_TASK GOAL_
Start at the line with "#38=AXIS2_PLACEMENT_3D('',#35,#36,#37);" in the records below, stop at the line with "#73=FACE_BOUND('',#72,.T.);", and return every line in that span exactly, the two end lines included.

_DATASET EXTRACT_
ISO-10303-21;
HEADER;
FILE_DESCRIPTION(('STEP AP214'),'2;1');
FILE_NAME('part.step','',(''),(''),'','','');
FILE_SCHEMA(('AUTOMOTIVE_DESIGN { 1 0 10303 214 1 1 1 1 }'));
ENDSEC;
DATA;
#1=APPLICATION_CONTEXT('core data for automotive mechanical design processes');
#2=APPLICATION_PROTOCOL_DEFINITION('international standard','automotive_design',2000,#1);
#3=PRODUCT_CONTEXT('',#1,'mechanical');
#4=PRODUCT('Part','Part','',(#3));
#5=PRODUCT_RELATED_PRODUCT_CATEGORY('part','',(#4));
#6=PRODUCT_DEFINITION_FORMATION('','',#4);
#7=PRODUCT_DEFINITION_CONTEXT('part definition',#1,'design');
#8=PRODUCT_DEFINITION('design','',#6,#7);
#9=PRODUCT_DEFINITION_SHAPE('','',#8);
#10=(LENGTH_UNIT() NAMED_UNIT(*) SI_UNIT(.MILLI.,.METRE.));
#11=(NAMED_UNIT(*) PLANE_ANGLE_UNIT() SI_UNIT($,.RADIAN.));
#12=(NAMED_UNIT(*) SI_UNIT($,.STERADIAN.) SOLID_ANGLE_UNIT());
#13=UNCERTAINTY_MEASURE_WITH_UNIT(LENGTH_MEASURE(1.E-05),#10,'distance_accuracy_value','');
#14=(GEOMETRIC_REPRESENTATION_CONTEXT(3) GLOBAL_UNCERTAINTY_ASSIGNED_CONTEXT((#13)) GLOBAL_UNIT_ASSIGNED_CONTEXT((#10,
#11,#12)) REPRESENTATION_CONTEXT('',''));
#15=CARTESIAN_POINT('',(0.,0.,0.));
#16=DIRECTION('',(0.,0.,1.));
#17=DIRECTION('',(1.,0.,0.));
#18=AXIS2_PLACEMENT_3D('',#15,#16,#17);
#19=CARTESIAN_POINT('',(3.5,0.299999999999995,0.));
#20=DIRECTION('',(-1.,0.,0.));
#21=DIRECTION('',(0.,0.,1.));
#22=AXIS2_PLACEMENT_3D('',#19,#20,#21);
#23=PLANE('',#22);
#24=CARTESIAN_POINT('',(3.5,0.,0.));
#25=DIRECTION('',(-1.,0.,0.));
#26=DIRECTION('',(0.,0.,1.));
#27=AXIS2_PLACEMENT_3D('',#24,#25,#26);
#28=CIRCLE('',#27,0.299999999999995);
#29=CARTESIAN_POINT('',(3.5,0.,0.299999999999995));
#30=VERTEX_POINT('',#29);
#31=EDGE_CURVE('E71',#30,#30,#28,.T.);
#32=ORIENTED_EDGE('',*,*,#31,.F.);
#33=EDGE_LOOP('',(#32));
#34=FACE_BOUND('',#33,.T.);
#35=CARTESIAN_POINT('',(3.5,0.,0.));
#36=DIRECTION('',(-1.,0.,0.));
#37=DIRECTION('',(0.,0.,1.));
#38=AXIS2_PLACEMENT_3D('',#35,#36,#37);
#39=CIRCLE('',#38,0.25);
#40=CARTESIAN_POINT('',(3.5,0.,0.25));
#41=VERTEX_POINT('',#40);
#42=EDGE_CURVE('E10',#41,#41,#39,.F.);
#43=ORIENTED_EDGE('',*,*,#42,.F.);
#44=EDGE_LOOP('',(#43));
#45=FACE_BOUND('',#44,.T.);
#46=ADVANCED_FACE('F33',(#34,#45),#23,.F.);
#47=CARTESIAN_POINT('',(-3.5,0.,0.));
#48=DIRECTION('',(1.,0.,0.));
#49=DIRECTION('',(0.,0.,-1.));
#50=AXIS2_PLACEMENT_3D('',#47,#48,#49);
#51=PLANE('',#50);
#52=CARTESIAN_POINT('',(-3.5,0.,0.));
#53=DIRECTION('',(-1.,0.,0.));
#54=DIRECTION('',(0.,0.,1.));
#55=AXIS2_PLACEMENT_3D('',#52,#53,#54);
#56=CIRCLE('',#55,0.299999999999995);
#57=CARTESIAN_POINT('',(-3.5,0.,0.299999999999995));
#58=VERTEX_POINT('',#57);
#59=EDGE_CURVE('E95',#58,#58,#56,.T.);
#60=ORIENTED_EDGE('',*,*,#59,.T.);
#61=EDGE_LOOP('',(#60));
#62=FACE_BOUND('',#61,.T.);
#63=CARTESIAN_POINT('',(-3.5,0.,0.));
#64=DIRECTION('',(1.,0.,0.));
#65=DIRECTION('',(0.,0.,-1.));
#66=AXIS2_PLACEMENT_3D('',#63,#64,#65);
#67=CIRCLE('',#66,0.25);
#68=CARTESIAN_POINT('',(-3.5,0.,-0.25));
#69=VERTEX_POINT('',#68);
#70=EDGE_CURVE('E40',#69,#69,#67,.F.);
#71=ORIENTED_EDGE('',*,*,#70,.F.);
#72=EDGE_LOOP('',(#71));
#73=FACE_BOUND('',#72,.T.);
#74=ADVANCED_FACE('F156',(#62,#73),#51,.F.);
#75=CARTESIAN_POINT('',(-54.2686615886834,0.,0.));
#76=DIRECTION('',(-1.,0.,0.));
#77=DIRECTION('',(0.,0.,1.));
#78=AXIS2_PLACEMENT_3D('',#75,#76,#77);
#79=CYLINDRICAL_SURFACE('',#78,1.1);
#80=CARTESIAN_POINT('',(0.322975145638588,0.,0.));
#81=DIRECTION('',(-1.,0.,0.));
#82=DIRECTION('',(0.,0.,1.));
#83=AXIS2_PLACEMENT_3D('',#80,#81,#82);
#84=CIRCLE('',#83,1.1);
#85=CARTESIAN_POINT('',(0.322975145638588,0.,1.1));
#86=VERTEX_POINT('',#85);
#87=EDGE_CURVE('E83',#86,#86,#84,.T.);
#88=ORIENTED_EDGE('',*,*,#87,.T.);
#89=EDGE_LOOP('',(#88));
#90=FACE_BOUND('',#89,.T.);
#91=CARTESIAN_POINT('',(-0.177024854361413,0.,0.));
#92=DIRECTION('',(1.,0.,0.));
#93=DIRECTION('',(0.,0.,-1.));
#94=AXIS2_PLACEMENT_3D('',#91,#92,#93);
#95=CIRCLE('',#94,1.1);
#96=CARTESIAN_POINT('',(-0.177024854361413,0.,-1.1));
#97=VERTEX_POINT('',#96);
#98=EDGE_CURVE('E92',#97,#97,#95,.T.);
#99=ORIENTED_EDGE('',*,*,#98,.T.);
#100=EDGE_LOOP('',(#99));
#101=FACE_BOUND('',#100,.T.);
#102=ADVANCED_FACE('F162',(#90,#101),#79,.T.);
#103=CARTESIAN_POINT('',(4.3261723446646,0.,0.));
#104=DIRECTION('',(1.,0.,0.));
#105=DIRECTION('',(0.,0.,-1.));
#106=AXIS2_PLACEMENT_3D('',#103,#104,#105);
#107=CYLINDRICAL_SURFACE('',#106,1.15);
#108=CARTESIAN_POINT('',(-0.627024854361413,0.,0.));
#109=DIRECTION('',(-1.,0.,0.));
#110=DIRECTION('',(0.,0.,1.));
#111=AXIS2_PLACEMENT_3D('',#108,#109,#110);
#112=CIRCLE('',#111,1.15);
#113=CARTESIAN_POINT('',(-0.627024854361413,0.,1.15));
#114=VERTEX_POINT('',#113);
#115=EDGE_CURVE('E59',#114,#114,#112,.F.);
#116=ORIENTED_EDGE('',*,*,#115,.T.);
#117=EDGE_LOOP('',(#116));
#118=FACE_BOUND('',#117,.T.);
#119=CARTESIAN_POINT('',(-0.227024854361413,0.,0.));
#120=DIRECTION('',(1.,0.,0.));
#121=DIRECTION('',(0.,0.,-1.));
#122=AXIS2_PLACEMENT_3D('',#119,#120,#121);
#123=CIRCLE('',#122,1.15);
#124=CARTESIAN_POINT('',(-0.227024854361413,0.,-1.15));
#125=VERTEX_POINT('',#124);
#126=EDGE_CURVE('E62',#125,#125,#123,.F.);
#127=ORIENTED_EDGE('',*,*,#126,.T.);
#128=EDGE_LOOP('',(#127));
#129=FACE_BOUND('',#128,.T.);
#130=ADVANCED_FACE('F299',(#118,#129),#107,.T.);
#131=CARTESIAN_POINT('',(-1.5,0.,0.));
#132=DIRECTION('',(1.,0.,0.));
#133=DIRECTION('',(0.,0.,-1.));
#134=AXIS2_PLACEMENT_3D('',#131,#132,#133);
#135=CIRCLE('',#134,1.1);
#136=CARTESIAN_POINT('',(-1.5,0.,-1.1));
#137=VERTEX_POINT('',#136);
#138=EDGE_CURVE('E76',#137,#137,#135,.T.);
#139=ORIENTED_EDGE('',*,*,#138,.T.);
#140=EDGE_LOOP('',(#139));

_RESULT OF THIS TASK_
#38=AXIS2_PLACEMENT_3D('',#35,#36,#37);
#39=CIRCLE('',#38,0.25);
#40=CARTESIAN_POINT('',(3.5,0.,0.25));
#41=VERTEX_POINT('',#40);
#42=EDGE_CURVE('E10',#41,#41,#39,.F.);
#43=ORIENTED_EDGE('',*,*,#42,.F.);
#44=EDGE_LOOP('',(#43));
#45=FACE_BOUND('',#44,.T.);
#46=ADVANCED_FACE('F33',(#34,#45),#23,.F.);
#47=CARTESIAN_POINT('',(-3.5,0.,0.));
#48=DIRECTION('',(1.,0.,0.));
#49=DIRECTION('',(0.,0.,-1.));
#50=AXIS2_PLACEMENT_3D('',#47,#48,#49);
#51=PLANE('',#50);
#52=CARTESIAN_POINT('',(-3.5,0.,0.));
#53=DIRECTION('',(-1.,0.,0.));
#54=DIRECTION('',(0.,0.,1.));
#55=AXIS2_PLACEMENT_3D('',#52,#53,#54);
#56=CIRCLE('',#55,0.299999999999995);
#57=CARTESIAN_POINT('',(-3.5,0.,0.299999999999995));
#58=VERTEX_POINT('',#57);
#59=EDGE_CURVE('E95',#58,#58,#56,.T.);
#60=ORIENTED_EDGE('',*,*,#59,.T.);
#61=EDGE_LOOP('',(#60));
#62=FACE_BOUND('',#61,.T.);
#63=CARTESIAN_POINT('',(-3.5,0.,0.));
#64=DIRECTION('',(1.,0.,0.));
#65=DIRECTION('',(0.,0.,-1.));
#66=AXIS2_PLACEMENT_3D('',#63,#64,#65);
#67=CIRCLE('',#66,0.25);
#68=CARTESIAN_POINT('',(-3.5,0.,-0.25));
#69=VERTEX_POINT('',#68);
#70=EDGE_CURVE('E40',#69,#69,#67,.F.);
#71=ORIENTED_EDGE('',*,*,#70,.F.);
#72=EDGE_LOOP('',(#71));
#73=FACE_BOUND('',#72,.T.);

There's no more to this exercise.